Scan the data below. Pull out each line where "Mode" occurs.

Data records
• • • • •

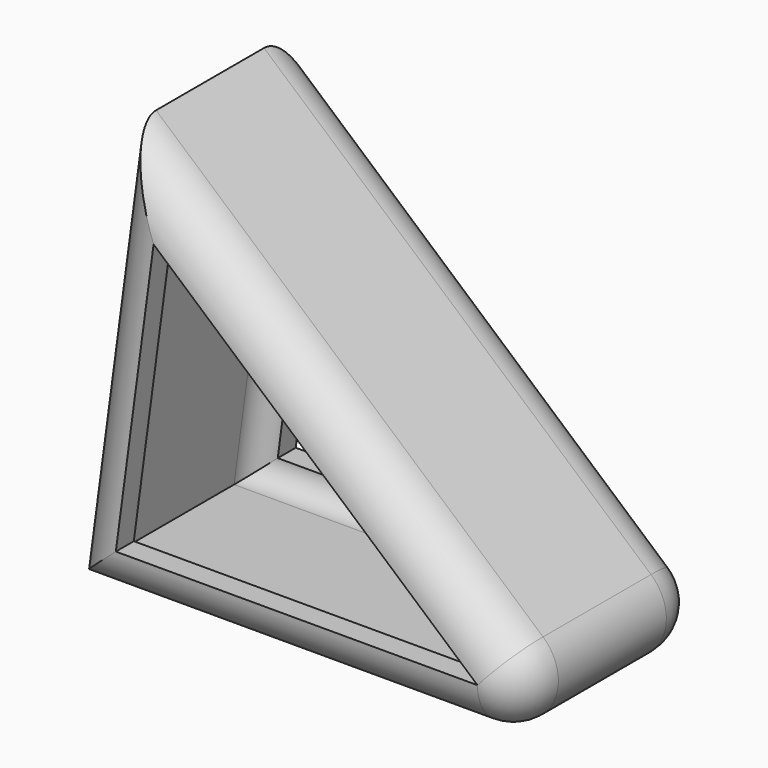
from build123d import *

# Parameters (mm, degrees)
F1_DEPTH = 25.4
F2_R     = 5.08
F3_T     = -2.54


# Not quite as in the source:
# - a shell that OpenCascade refuses in one call is made with other operations: the cavity is built on its own and cut out


with BuildPart() as f1:
    # F0 (on Front) → F1 (new body)
    with BuildSketch(Plane.XZ):
        Polygon((35.6235019863, 0), (-18.2880014181, 47.0535010099), (-24.5744995773, 0), align=None)
    extrude(amount=F1_DEPTH)

    # F2
    f2_edges = [f1.edges().sort_by_distance(p)[0] for p in [
        (8.66775, -25.4, 23.526751),
        (-21.43125, -25.4, 23.526751),
        (5.524501, -25.4, 0),
        (35.623502, -12.7, 0),
        (8.66775, 0, 23.526751),
        (-21.43125, 0, 23.526751),
        (5.524501, 0, 0),
    ]]
    fillet(f2_edges, radius=F2_R)

    # F3: a shell. OpenCascade refuses it in one call, so the cavity is built on its own and cut out:
    # the body offset inwards by the wall thickness, plus a prism from it out through each open face.
    f3_core = offset(f1.part, amount=F3_T, mode=Mode.PRIVATE)
    f3_exits = [f3_core.faces().sort_by_distance(p)[0] for p in [
        (-3.732644, -2.54, 15.722949),
        (-3.732644, -22.86, 15.722949),
    ]]
    add(f3_core, mode=Mode.SUBTRACT)
    extrude(f3_exits, amount=-F3_T, mode=Mode.SUBTRACT)


solid = f1.part

• • • • •

EXERCISE ANSWER:
    f3_core = offset(f1.part, amount=F3_T, mode=Mode.PRIVATE)
    add(f3_core, mode=Mode.SUBTRACT)
    extrude(f3_exits, amount=-F3_T, mode=Mode.SUBTRACT)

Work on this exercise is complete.